[Data excerpts]

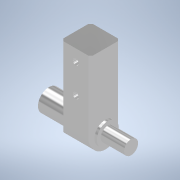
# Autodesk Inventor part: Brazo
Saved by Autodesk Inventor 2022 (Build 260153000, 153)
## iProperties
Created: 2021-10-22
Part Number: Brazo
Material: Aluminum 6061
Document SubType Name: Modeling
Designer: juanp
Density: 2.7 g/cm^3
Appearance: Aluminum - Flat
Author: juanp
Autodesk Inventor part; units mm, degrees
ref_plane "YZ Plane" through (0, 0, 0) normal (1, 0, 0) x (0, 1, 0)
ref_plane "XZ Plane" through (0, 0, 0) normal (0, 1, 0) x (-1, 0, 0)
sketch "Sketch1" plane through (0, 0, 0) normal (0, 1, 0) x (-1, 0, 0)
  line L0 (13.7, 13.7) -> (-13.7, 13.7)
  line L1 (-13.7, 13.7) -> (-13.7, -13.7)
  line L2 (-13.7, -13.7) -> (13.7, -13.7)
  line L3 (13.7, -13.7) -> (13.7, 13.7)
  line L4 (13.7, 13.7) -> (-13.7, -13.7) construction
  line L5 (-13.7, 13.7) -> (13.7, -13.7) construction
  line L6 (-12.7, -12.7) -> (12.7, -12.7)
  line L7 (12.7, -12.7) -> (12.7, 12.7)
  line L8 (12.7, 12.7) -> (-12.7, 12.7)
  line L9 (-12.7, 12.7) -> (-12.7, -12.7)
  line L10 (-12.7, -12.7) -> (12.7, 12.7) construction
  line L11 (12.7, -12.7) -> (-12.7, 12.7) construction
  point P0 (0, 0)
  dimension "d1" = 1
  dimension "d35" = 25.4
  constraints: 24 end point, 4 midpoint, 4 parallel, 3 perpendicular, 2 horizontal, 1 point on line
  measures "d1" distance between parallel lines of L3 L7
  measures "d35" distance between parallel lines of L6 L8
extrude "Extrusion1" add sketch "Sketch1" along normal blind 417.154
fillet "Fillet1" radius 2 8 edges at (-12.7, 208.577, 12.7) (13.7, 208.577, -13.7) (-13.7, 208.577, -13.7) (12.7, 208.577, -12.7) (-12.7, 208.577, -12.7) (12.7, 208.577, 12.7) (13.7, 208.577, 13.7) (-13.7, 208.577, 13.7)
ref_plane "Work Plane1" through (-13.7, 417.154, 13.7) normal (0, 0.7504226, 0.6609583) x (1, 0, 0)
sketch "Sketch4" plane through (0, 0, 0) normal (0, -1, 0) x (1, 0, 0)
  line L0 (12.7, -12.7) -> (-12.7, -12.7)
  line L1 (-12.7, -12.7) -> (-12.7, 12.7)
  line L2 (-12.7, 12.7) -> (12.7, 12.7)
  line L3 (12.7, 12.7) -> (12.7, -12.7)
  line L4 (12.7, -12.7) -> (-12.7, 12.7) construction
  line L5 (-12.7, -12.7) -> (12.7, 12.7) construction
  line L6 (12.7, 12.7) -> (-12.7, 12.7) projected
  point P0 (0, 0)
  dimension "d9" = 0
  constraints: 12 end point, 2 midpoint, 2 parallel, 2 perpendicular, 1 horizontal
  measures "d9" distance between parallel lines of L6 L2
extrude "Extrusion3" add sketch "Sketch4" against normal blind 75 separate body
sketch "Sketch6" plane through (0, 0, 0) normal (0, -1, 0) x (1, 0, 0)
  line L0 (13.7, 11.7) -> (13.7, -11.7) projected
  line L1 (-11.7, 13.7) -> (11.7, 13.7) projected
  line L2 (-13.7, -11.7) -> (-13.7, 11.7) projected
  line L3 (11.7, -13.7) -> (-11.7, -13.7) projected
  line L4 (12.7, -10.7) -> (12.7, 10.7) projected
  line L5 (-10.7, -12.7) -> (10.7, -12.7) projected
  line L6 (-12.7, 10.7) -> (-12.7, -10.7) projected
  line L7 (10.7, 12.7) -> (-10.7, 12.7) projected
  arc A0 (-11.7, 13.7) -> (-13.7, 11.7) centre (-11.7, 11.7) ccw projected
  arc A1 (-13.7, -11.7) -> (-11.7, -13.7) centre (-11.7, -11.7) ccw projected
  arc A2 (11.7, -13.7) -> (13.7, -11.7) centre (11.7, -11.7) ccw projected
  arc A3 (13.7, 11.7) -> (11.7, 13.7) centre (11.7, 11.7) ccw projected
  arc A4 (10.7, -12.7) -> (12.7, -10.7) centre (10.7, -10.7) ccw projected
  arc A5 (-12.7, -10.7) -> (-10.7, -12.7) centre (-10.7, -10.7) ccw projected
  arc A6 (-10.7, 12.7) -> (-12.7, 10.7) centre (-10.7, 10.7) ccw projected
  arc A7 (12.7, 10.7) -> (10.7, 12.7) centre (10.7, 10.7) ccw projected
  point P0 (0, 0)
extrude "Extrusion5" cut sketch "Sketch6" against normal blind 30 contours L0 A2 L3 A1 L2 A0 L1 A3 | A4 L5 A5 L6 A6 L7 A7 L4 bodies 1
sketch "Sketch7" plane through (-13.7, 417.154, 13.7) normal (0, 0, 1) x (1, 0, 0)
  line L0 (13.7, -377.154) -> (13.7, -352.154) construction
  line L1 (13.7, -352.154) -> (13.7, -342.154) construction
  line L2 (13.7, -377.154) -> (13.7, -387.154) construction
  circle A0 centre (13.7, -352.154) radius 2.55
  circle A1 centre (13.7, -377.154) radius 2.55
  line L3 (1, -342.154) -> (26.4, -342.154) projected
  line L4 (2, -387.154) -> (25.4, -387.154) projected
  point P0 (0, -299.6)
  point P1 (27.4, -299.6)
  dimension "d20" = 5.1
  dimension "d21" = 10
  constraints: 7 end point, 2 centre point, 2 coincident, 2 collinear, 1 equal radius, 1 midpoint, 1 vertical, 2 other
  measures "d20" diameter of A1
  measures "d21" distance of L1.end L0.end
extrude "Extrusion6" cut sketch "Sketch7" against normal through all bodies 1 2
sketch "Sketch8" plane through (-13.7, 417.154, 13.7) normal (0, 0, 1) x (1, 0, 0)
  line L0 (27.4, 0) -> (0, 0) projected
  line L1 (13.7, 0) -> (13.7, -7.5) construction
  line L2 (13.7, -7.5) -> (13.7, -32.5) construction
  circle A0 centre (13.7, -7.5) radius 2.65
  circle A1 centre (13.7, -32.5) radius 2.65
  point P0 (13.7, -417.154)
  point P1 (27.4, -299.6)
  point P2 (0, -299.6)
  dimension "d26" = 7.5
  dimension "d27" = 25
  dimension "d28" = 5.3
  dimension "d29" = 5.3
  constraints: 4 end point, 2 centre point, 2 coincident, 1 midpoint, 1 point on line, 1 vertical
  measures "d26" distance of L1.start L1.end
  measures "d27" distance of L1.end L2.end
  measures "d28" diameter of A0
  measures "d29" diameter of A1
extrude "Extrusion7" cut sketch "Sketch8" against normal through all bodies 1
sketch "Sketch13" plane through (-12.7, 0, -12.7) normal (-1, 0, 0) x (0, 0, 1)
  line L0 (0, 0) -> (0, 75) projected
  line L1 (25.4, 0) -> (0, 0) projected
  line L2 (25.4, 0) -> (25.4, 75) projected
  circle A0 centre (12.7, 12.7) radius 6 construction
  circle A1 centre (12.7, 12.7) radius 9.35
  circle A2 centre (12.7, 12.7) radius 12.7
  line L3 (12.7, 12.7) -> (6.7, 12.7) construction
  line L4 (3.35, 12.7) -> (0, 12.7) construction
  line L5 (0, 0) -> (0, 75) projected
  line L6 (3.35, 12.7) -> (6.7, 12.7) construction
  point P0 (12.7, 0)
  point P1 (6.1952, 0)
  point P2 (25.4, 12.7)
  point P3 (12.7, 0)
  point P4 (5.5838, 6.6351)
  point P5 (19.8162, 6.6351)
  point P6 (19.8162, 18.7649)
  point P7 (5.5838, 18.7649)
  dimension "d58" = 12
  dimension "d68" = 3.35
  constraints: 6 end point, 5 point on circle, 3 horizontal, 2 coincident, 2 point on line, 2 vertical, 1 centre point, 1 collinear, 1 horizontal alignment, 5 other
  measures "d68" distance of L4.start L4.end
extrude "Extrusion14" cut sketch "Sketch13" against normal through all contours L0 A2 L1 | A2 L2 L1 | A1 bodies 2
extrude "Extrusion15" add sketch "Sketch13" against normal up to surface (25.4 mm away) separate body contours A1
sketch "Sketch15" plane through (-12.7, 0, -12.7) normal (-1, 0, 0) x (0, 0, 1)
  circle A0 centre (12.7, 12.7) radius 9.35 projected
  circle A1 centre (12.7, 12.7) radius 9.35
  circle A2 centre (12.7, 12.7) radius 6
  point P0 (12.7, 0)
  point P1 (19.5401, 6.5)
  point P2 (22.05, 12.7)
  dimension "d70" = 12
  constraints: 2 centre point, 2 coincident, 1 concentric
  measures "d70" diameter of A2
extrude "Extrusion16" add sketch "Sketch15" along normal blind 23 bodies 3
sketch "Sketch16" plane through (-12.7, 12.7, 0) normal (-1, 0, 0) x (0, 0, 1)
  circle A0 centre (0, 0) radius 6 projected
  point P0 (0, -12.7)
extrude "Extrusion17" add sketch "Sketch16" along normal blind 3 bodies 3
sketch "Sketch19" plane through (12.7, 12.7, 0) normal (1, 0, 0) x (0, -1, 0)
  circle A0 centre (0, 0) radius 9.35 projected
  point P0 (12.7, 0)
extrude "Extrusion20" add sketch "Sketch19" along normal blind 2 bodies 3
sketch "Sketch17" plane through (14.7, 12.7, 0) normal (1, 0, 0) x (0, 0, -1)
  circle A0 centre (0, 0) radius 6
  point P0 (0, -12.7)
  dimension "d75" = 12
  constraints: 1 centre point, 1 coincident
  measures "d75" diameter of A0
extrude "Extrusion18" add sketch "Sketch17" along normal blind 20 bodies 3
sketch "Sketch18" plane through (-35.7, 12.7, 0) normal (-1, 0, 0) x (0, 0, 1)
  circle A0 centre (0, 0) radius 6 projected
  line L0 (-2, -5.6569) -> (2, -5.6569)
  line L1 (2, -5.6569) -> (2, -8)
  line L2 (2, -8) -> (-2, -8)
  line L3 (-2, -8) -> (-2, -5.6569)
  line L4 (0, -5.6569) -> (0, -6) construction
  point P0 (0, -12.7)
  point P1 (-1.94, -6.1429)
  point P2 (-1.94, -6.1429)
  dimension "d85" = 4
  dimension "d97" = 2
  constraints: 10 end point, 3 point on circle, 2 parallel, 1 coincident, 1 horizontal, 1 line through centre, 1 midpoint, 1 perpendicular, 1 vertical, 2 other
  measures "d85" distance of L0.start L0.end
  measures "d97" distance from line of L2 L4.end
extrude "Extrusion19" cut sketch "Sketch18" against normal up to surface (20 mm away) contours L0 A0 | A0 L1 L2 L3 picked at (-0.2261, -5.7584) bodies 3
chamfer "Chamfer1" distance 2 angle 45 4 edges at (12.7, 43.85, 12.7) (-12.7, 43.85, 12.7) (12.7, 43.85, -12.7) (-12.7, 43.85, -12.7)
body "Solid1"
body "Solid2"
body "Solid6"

* PROBLEM STATEMENT *
Select every line in the records above that contains the word "away".

* ANSWER SPACE *
extrude "Extrusion15" add sketch "Sketch13" against normal up to surface (25.4 mm away) separate body contours A1
extrude "Extrusion19" cut sketch "Sketch18" against normal up to surface (20 mm away) contours L0 A0 | A0 L1 L2 L3 picked at (-0.2261, -5.7584) bodies 3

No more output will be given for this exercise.